Leaving out the pictures, return each line of the entries from the first through the line with "Line((-1.4, 2.4), (1.4, 2.4))", and only those lines.

The records section start

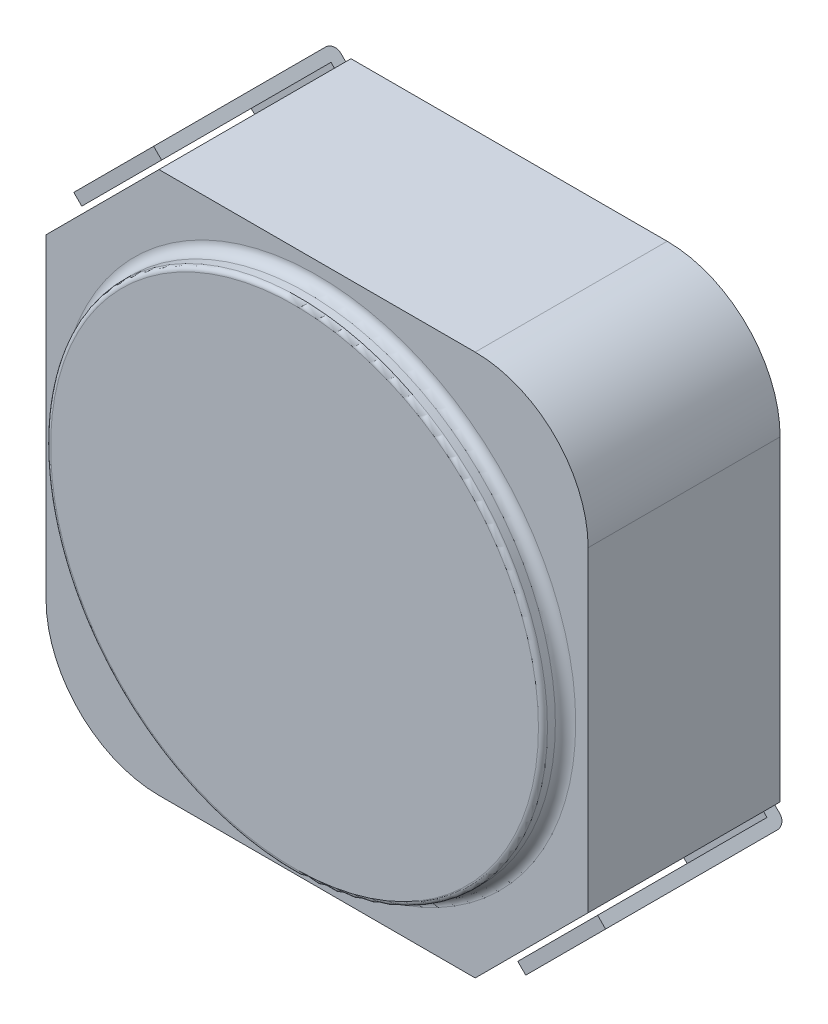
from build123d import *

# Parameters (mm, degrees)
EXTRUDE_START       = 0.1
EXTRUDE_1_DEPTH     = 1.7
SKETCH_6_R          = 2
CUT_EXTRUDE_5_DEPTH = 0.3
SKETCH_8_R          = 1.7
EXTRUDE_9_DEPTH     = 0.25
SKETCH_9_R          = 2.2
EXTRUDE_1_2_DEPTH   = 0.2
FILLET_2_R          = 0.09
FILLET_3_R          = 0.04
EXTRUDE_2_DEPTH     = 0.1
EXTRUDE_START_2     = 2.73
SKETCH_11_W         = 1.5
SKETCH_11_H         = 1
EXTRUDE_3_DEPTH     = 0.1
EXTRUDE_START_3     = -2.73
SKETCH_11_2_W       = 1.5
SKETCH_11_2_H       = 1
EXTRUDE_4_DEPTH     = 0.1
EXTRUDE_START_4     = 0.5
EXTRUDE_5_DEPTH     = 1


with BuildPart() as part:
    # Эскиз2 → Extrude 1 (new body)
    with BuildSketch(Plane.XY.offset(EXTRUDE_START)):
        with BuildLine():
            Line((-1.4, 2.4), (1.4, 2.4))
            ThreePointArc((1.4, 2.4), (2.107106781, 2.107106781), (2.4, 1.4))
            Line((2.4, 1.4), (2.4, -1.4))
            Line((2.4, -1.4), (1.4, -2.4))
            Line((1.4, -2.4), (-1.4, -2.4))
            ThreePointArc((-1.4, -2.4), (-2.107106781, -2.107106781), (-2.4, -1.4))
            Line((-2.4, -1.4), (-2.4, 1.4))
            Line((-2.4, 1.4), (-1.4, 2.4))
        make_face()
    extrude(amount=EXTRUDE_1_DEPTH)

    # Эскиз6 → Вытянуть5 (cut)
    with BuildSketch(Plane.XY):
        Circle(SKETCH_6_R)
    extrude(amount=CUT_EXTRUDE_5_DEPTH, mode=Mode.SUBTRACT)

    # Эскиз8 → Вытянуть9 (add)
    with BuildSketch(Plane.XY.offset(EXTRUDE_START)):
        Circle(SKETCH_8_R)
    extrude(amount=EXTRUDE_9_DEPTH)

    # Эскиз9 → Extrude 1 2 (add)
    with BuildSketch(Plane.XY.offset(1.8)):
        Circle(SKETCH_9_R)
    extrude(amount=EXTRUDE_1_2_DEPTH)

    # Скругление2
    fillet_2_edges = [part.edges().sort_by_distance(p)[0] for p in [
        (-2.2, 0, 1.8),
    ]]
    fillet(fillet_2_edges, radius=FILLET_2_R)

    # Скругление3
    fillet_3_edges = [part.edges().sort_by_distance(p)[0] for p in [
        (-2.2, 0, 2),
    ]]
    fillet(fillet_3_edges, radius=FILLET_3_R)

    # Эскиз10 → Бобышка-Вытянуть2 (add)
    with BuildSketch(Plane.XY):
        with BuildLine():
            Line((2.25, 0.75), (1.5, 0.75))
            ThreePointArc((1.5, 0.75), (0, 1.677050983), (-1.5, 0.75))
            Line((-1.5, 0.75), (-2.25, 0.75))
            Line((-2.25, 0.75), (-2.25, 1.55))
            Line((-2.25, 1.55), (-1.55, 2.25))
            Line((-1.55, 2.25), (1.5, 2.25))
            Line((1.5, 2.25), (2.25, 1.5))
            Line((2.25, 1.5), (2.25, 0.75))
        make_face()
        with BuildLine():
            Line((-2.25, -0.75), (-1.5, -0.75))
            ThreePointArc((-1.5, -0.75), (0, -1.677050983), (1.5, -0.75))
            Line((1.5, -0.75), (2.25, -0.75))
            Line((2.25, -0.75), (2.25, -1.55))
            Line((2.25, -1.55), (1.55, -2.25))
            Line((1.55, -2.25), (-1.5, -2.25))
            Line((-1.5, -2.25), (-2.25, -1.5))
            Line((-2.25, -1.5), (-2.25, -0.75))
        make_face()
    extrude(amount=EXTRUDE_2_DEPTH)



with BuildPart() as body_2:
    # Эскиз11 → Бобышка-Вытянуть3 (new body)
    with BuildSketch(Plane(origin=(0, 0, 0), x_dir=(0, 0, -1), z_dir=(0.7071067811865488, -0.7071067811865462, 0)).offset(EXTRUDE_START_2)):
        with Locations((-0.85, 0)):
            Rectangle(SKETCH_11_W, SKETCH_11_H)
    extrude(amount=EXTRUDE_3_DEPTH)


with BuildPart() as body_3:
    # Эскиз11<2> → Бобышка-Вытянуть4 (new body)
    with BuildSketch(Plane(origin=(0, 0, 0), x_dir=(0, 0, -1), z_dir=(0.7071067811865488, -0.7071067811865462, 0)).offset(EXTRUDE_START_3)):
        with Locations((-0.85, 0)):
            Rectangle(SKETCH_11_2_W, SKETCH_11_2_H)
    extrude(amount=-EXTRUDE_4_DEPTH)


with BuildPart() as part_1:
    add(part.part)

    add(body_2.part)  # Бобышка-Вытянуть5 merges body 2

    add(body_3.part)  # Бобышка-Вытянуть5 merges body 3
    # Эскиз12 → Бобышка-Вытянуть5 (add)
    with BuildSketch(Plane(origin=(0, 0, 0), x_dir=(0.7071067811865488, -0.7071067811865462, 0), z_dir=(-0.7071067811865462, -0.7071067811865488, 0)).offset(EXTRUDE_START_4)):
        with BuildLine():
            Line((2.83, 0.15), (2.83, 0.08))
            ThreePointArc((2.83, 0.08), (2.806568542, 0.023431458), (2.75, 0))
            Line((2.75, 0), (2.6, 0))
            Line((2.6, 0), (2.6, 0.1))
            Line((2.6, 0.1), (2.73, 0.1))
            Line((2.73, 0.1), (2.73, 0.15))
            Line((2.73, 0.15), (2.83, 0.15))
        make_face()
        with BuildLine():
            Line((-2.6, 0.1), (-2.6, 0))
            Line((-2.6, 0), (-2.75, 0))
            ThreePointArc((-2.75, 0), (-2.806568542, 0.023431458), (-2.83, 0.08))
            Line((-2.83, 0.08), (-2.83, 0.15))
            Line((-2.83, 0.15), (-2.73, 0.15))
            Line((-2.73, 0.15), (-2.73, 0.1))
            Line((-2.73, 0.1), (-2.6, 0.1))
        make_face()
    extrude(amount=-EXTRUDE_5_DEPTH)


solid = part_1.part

The records section end

=== Output of the task ===
from build123d import *

# Parameters (mm, degrees)
EXTRUDE_START       = 0.1
EXTRUDE_1_DEPTH     = 1.7
SKETCH_6_R          = 2
CUT_EXTRUDE_5_DEPTH = 0.3
SKETCH_8_R          = 1.7
EXTRUDE_9_DEPTH     = 0.25
SKETCH_9_R          = 2.2
EXTRUDE_1_2_DEPTH   = 0.2
FILLET_2_R          = 0.09
FILLET_3_R          = 0.04
EXTRUDE_2_DEPTH     = 0.1
EXTRUDE_START_2     = 2.73
SKETCH_11_W         = 1.5
SKETCH_11_H         = 1
EXTRUDE_3_DEPTH     = 0.1
EXTRUDE_START_3     = -2.73
SKETCH_11_2_W       = 1.5
SKETCH_11_2_H       = 1
EXTRUDE_4_DEPTH     = 0.1
EXTRUDE_START_4     = 0.5
EXTRUDE_5_DEPTH     = 1


with BuildPart() as part:
    # Эскиз2 → Extrude 1 (new body)
    with BuildSketch(Plane.XY.offset(EXTRUDE_START)):
        with BuildLine():
            Line((-1.4, 2.4), (1.4, 2.4))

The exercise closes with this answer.